DATA PROVIDED:
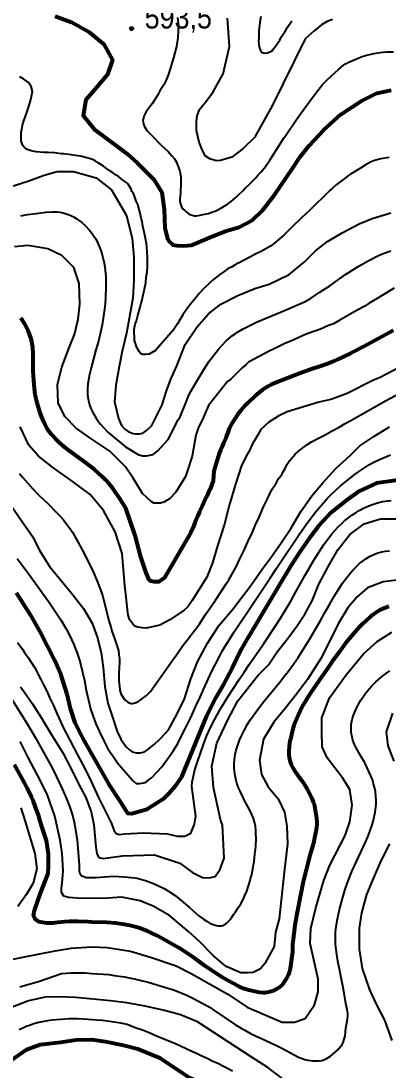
# Model space of a CAD drawing. Header units: metres. Extents: x 547833 to 556102, y 1844799 to 1850994.
# Drawn here: x 552372 to 552652, y 1845380 to 1846179 of the extents above; entities that cross this region are included whole.
import ezdxf

# ---------------------------------------------------------------- set-up
doc = ezdxf.new("R2010")
doc.units = ezdxf.units.M
doc.header["$LTSCALE"] = 6.8
for name, color, linetype, lineweight in [('1', 7, 'Continuous', 25), ('2', 7, 'Continuous', 53), ('5', 7, 'Continuous', 13)]:
    doc.layers.add(name, color=color, linetype=linetype, lineweight=lineweight)

msp = doc.modelspace()

# ---------------------------------------------------------------- hatches: boundary and pattern name
at = {"layer": '5'}
msp.add_hatch(color=256, dxfattribs=at).paths.add_polyline_path([(552458.01, 1846173.31, 1), (552455.01, 1846173.31, 1)])

# ---------------------------------------------------------------- linework, layer by layer
at = {"layer": '1'}
for points in [[(552554.81, 1846182.49), (552554.21, 1846178.13), (552553.91, 1846175.5), (552553.47, 1846171.56), (552553.43, 1846170.16), (552553.37, 1846166.26), (552553.23, 1846164.05), (552553.37, 1846161.07), (552553.66, 1846159.41), (552554.32, 1846157.09), (552555.18, 1846155.69), (552556.59, 1846154.76), (552558.6, 1846154.59), (552559.98, 1846154.74), (552561.8, 1846155.45), (552563.48, 1846156.44), (552564.35, 1846157.54), (552565.66, 1846159.19), (552567.27, 1846161.67), (552569.34, 1846164.5), (552570.5, 1846166.63), (552572.44, 1846169.74), (552573.13, 1846170.62), (552575.2, 1846174.35), (552578.45, 1846179.11)], [(552491.6, 1846181.6), (552492.14, 1846175.13), (552492.12, 1846171.77), (552491.77, 1846166.18), (552491.23, 1846163.06), (552490.74, 1846159.54), (552488.43, 1846151.07), (552486.02, 1846142.68), (552484.6, 1846138.66), (552482.5, 1846133.57), (552480.99, 1846130.34), (552478.13, 1846125.86), (552476.49, 1846122.9), (552473.89, 1846118.75), (552472.12, 1846116.07), (552469.48, 1846112.31), (552467.77, 1846109.94), (552466.21, 1846107.09), (552465.93, 1846106.07), (552465.22, 1846103.62), (552465.29, 1846102.14), (552465.94, 1846099.84), (552466.36, 1846098.8), (552468.1, 1846095.63), (552470.11, 1846093.68), (552473.91, 1846089.76), (552476.94, 1846086.64), (552478.83, 1846084.78), (552481.81, 1846082.05), (552484.36, 1846079.67), (552487.3, 1846076.44)], [(552609.44, 1846180.25), (552605.53, 1846178.59), (552601.05, 1846176.1), (552595.46, 1846171.67), (552588.59, 1846165.56), (552563.5, 1846114.57), (552550.17, 1846090.26), (552541.53, 1846082.01), (552532.89, 1846075.29), (552524.25, 1846072.85), (552520.86, 1846072.55), (552516.23, 1846074.07), (552512.53, 1846076.52), (552510.06, 1846081.71), (552507.9, 1846086.9), (552506.05, 1846095.76), (552506.05, 1846102.48), (552506.36, 1846106.75), (552508.21, 1846111.64), (552512.84, 1846117.14), (552518.7, 1846125.08), (552526.2, 1846138.8), (552531.09, 1846159.55), (552529.65, 1846181.24)], [(552487.3, 1846076.44), (552489.26, 1846073.99), (552490.72, 1846071.58), (552492.27, 1846067.5), (552493.18, 1846064.64), (552493.95, 1846060.47), (552494.07, 1846057.72), (552494.12, 1846053.77), (552493.82, 1846050.27), (552493.7, 1846047.88), (552493.44, 1846045.77), (552493.34, 1846043.19), (552493.39, 1846041.91), (552493.43, 1846040.63), (552494, 1846039.11), (552494.57, 1846037.59), (552495.85, 1846035.86), (552497.29, 1846034.54), (552498.18, 1846033.65), (552500.33, 1846032.11), (552501.79, 1846031.48), (552502.72, 1846031.1), (552504.35, 1846030.69), (552505.72, 1846030.84), (552508.65, 1846031.17), (552510.78, 1846031.61), (552515.12, 1846032.6), (552518.26, 1846033.65), (552520.26, 1846034.37), (552525.03, 1846036.79), (552527.07, 1846038.01), (552529.65, 1846039.69), (552532.29, 1846041.67), (552535.81, 1846044.74), (552537.95, 1846046.76), (552541.18, 1846049.7), (552543.13, 1846051.7), (552545.97, 1846054.6), (552547.94, 1846056.4), (552551.04, 1846059.62), (552552.85, 1846061.91), (552555.26, 1846064.26), (552558.38, 1846068.17), (552561.69, 1846073), (552572.73, 1846090.25), (552573.18, 1846090.96), (552582.06, 1846103.94), (552585.94, 1846109.48), (552591.52, 1846116.93), (552596.59, 1846123.86), (552600.07, 1846128.39), (552601.99, 1846130.63), (552605.45, 1846134.22), (552614.24, 1846142.41), (552617.57, 1846145.17), (552619.32, 1846146.38), (552622.31, 1846148), (552629.03, 1846150.84), (552631.33, 1846151.71), (552634.6, 1846152.69), (552640.94, 1846154.24), (552645.86, 1846155.08), (552648.13, 1846155.38), (552651.2, 1846155.62), (552655.86, 1846155.65)], [(552442.06, 1846063.59), (552440.12, 1846064.96), (552437.53, 1846066.84), (552435.07, 1846068.44), (552431.12, 1846071.06), (552428.77, 1846072.58), (552426.68, 1846073.53), (552423.6, 1846074.56), (552422.58, 1846074.84), (552418.6, 1846075.87), (552417.38, 1846076.13), (552412.15, 1846076.92), (552410.54, 1846077.14), (552404.92, 1846077.89), (552403.03, 1846077.97), (552397.82, 1846078.56), (552393.04, 1846078.81), (552389.96, 1846078.96), (552383.88, 1846079.36), (552382.46, 1846079.59), (552380.03, 1846080.11), (552377.14, 1846081.17), (552375.34, 1846082.25), (552373.73, 1846084.24), (552372.55, 1846087.67), (552372.52, 1846091.43), (552372.6, 1846094.21), (552373.84, 1846100.68), (552374.47, 1846103.03), (552377.12, 1846110.15), (552377.53, 1846111.78), (552379.08, 1846116.41), (552379.75, 1846119.26), (552380.35, 1846121.8), (552381.04, 1846125.34), (552380.2, 1846129.2), (552377.98, 1846132.21), (552374.42, 1846134.88), (552371.55, 1846136.63)], [(552652.52, 1846075.1), (552646.21, 1846074.03), (552641.33, 1846072.73), (552640.1, 1846072.29), (552638.94, 1846071.81), (552635.17, 1846069.82), (552630.81, 1846067.04), (552623.22, 1846062.39), (552621.66, 1846061.35), (552619.25, 1846059.57), (552612.24, 1846054.24), (552609.47, 1846051.88), (552607.72, 1846050.25), (552602.6, 1846045.12), (552596.8, 1846039.66), (552591.91, 1846034.72), (552585.79, 1846029.1), (552578.87, 1846022.26), (552572.42, 1846016.03), (552567.48, 1846011.71), (552564.3, 1846009.24), (552562.18, 1846007.74), (552558.72, 1846005.61), (552555.19, 1846003.69), (552550.73, 1846001.49), (552550.42, 1846001.36), (552538.48, 1845994.98), (552536.5, 1845994.06), (552535.4, 1845993.35), (552532.51, 1845991.73), (552530.17, 1845990.58), (552526.68, 1845988.2), (552523.75, 1845986.09), (552517.95, 1845981.47), (552516.43, 1845980.02), (552511.42, 1845975.29), (552508.24, 1845971.96), (552504, 1845966.64), (552501.29, 1845963.46), (552497.7, 1845958.5), (552495.49, 1845955.28), (552492.39, 1845950.28), (552491.4, 1845948.59), (552488.46, 1845944), (552474.63, 1845928.15), (552470.03, 1845925.38), (552467.04, 1845925.18), (552465.04, 1845925.18), (552463.64, 1845925.77), (552462.44, 1845927.35), (552460.44, 1845930.52), (552458.84, 1845935.86), (552458.52, 1845944.56), (552459.4, 1845948.13), (552460.2, 1845950.69), (552461.21, 1845954.86), (552461.98, 1845957.62), (552462.97, 1845961.1), (552463.9, 1845964.27), (552464.5, 1845966.81), (552465.36, 1845970.57), (552465.81, 1845972.7), (552466.52, 1845976.04), (552467.3, 1845979.69), (552467.36, 1845980.88), (552468.02, 1845985.51), (552468.32, 1845988.12), (552468.55, 1845992.2), (552468.61, 1845995.17), (552468.6, 1845999.62), (552468.46, 1846002.58), (552468.26, 1846007.01), (552467.86, 1846009.63), (552467.46, 1846012.26), (552466.5, 1846017.29), (552465.73, 1846020.57), (552465.18, 1846022.78), (552464.57, 1846026.47), (552463.89, 1846028.97), (552463.05, 1846032.83), (552462.44, 1846035.63), (552461.21, 1846039.45), (552460.15, 1846041.9), (552458.73, 1846045.7), (552457.9, 1846047.78), (552456.83, 1846049.34), (552456.24, 1846051.05), (552454.04, 1846054.76), (552452.82, 1846055.91), (552451.54, 1846056.75), (552449.69, 1846058.23), (552448.3, 1846059.16), (552446.56, 1846060.54), (552444.84, 1846061.73), (552442.06, 1846063.59)], [(552363.37, 1846052.66), (552378.47, 1846057.3), (552390.03, 1846061.78), (552399.89, 1846064.43), (552412.46, 1846064.45), (552429.53, 1846059.53), (552441.23, 1846050.44), (552452.59, 1846030.9), (552457.12, 1846013.37), (552458.35, 1845999.16), (552458.2, 1845981.48), (552457.56, 1845968.07), (552452.71, 1845941.36), (552449.42, 1845927.77), (552447.08, 1845915.95), (552444.63, 1845901.7), (552443.65, 1845889.01), (552446.72, 1845876.46), (552448.92, 1845871.01), (552451.31, 1845868.28), (552453.88, 1845866.65), (552457.74, 1845865.01), (552459.57, 1845864.83), (552462.51, 1845864.83), (552465.08, 1845865.19), (552468.02, 1845867.37), (552471.88, 1845871.01), (552479.73, 1845886.75), (552482.92, 1845896.77), (552486.52, 1845906.45), (552490.96, 1845916.61), (552497.25, 1845932.81), (552506.17, 1845946.02), (552515.06, 1845956.05), (552524.5, 1845963.59), (552537.47, 1845970.15), (552550.34, 1845975.42), (552561.26, 1845978.81), (552576.58, 1845986.01), (552587.82, 1845995.54), (552596.5, 1846004.15), (552605.73, 1846011.16), (552616.79, 1846017.88), (552629.87, 1846024.57), (552639.56, 1846028.72), (552653.94, 1846033.01)], [(552372.33, 1846030.81), (552377.43, 1846031.63), (552383.86, 1846032.39), (552391.47, 1846033.52), (552396.09, 1846033.7), (552399.79, 1846033.64), (552402.2, 1846033.42), (552403.53, 1846033.2), (552405.91, 1846032.62), (552408.34, 1846031.77), (552409.72, 1846031.18), (552412.3, 1846029.9), (552414.87, 1846028.39), (552416.24, 1846027.49), (552418.64, 1846025.71), (552421.56, 1846023.11), (552424.34, 1846020.02), (552426.36, 1846017.43), (552427.37, 1846016), (552429.02, 1846013.42), (552430.49, 1846010.79), (552431.23, 1846009.26)], [(552606.35, 1845947.24), (552600.25, 1845944.4), (552590.27, 1845940.81), (552587.05, 1845939.52), (552580.08, 1845936.28), (552572.78, 1845933.3), (552564.67, 1845929.32), (552561.19, 1845927.7), (552545.65, 1845919.19), (552543.71, 1845917.44), (552540.64, 1845914.95), (552532.14, 1845906.33), (552529.6, 1845904.51), (552515.17, 1845886.35), (552511.77, 1845878.63), (552510.84, 1845876.07), (552507.57, 1845869.89), (552505.51, 1845863.85), (552502.54, 1845847.83), (552499.4, 1845837.54), (552497.53, 1845832.21), (552490.27, 1845820.39), (552485.35, 1845815.29), (552481.14, 1845812.74), (552478.56, 1845812.04), (552476.45, 1845812.04), (552473.41, 1845812.04), (552471.53, 1845813.2), (552464.74, 1845819.46), (552457.72, 1845831.03), (552452.04, 1845839.66), (552439.89, 1845851.62), (552424.65, 1845861.71), (552414.4, 1845869.18), (552406.07, 1845877.64), (552400.56, 1845888.19), (552400.22, 1845902.38), (552403.57, 1845915.46), (552409.3, 1845930.97), (552413.07, 1845940.29), (552415.92, 1845952.17), (552417.17, 1845963.5), (552416.78, 1845979.33), (552412.62, 1845991.31), (552403.46, 1846000.43), (552392.72, 1846005.56), (552377.57, 1846008.04), (552367.4, 1846007.01)], [(552431.23, 1846009.26), (552432.45, 1846006.4), (552433.49, 1846003.5), (552434.74, 1845999.12), (552435.66, 1845994.8), (552436.14, 1845991.98), (552436.52, 1845989.12), (552436.89, 1845984.58), (552437.03, 1845980.71), (552437.02, 1845976.67), (552436.7, 1845968.34), (552436.36, 1845964.09), (552435.86, 1845959.73), (552435.16, 1845954.6), (552434.12, 1845947.83), (552432.63, 1845940.84), (552431.33, 1845935.39), (552429.41, 1845928.74), (552425.67, 1845915.06), (552424.36, 1845909), (552423.7, 1845905.56), (552423.28, 1845902.89), (552422.97, 1845898.88), (552423.06, 1845895.02), (552423.32, 1845892.61), (552423.71, 1845890.26), (552424.58, 1845886.79), (552425.56, 1845884.1), (552426.84, 1845881.56), (552429.56, 1845876.75), (552431.05, 1845874.44), (552432.93, 1845872.18), (552438.56, 1845866), (552451.86, 1845854.93), (552461.46, 1845848.9), (552464.98, 1845847.97), (552468.02, 1845847.97), (552472.94, 1845848.9), (552476.45, 1845851.91), (552484.41, 1845860.49), (552491.91, 1845875.32), (552493.64, 1845877.82), (552497.76, 1845888.26), (552499.97, 1845893.53), (552500.68, 1845895.14), (552501.83, 1845897.43), (552505.34, 1845903.69), (552512.7, 1845915.8), (552515.61, 1845920.02), (552519.09, 1845924.68), (552522.73, 1845929.1), (552528.32, 1845935.26), (552530.05, 1845936.9), (552533.36, 1845939.53), (552535.35, 1845940.96), (552537.28, 1845942.2), (552541.45, 1845944.62), (552546, 1845947.05), (552552.08, 1845950.01), (552559.45, 1845953.19), (552566.82, 1845956.15), (552574.76, 1845959.5), (552582.72, 1845963), (552588.17, 1845965.22), (552592.66, 1845967.86), (552596, 1845970.1), (552599.8, 1845972.48), (552607.36, 1845977.49), (552619.25, 1845985.99), (552626.18, 1845990.45), (552629, 1845992.16), (552636.59, 1845996.5), (552643.86, 1846000.2), (552646.76, 1846001.49), (552648.91, 1846002.35), (552653.88, 1846004.09)], [(552656.3, 1845975.58), (552646.86, 1845969.91), (552643.45, 1845967.69), (552637.42, 1845964.24), (552634.01, 1845962.02), (552628.25, 1845958.91), (552615.05, 1845951.29), (552610.17, 1845948.59), (552606.35, 1845947.24)], [(552664.48, 1845917.5), (552645.72, 1845907.71), (552640.77, 1845905.62), (552620.54, 1845895.35), (552612.63, 1845892.31), (552608.21, 1845890.89), (552598.96, 1845888.91), (552575.03, 1845881.58), (552568.67, 1845878.41), (552560.97, 1845873.55), (552554.88, 1845867.97), (552552.35, 1845863.4), (552548.47, 1845857.14), (552545.81, 1845851.03), (552544.46, 1845849.07), (552540.17, 1845840.53), (552535.55, 1845826.42), (552530.9, 1845810.27), (552526.9, 1845795.21), (552521.94, 1845779.53), (552518.21, 1845766.53), (552513.85, 1845755.62), (552502.79, 1845737.79), (552499.33, 1845733.16), (552496.48, 1845730.54), (552485.7, 1845723.09), (552477.97, 1845719.06), (552472.51, 1845717.86), (552467.59, 1845716.85), (552464.54, 1845717.05), (552461.08, 1845717.65), (552458.64, 1845718.66), (552457.22, 1845720.47), (552454.98, 1845723.49), (552453.96, 1845726.92), (552453.35, 1845730.54), (552453.15, 1845733.36), (552452.34, 1845740.41), (552451.52, 1845749.27), (552450.91, 1845755.51), (552449.31, 1845773.71), (552444.14, 1845790.14), (552435.05, 1845806.51), (552424.93, 1845818.45), (552411.3, 1845828.85), (552396.39, 1845839.35), (552385.78, 1845847.8), (552378.24, 1845856.09), (552371.82, 1845870.1)], [(552619.05, 1845872.55), (552622.82, 1845874.56), (552649.77, 1845889.94), (552660.77, 1845895.73)], [(552448.27, 1845666.87), (552451.18, 1845662.41), (552452.38, 1845661.45), (552453.68, 1845660.6), (552454.64, 1845660.01), (552456.2, 1845659.49), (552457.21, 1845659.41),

WHAT THIS TASK INVOLVES:
Transcribe only these lines, exactly: the first line of the listing, every line after it, and the line with "for name, color, linetype, lineweight", where the copy ends. Include no picture.

ANSWER TO THIS TASK:
# Model space of a CAD drawing. Header units: metres. Extents: x 547833 to 556102, y 1844799 to 1850994.
# Drawn here: x 552372 to 552652, y 1845380 to 1846179 of the extents above; entities that cross this region are included whole.
import ezdxf

# ---------------------------------------------------------------- set-up
doc = ezdxf.new("R2010")
doc.units = ezdxf.units.M
doc.header["$LTSCALE"] = 6.8
for name, color, linetype, lineweight in [('1', 7, 'Continuous', 25), ('2', 7, 'Continuous', 53), ('5', 7, 'Continuous', 13)]:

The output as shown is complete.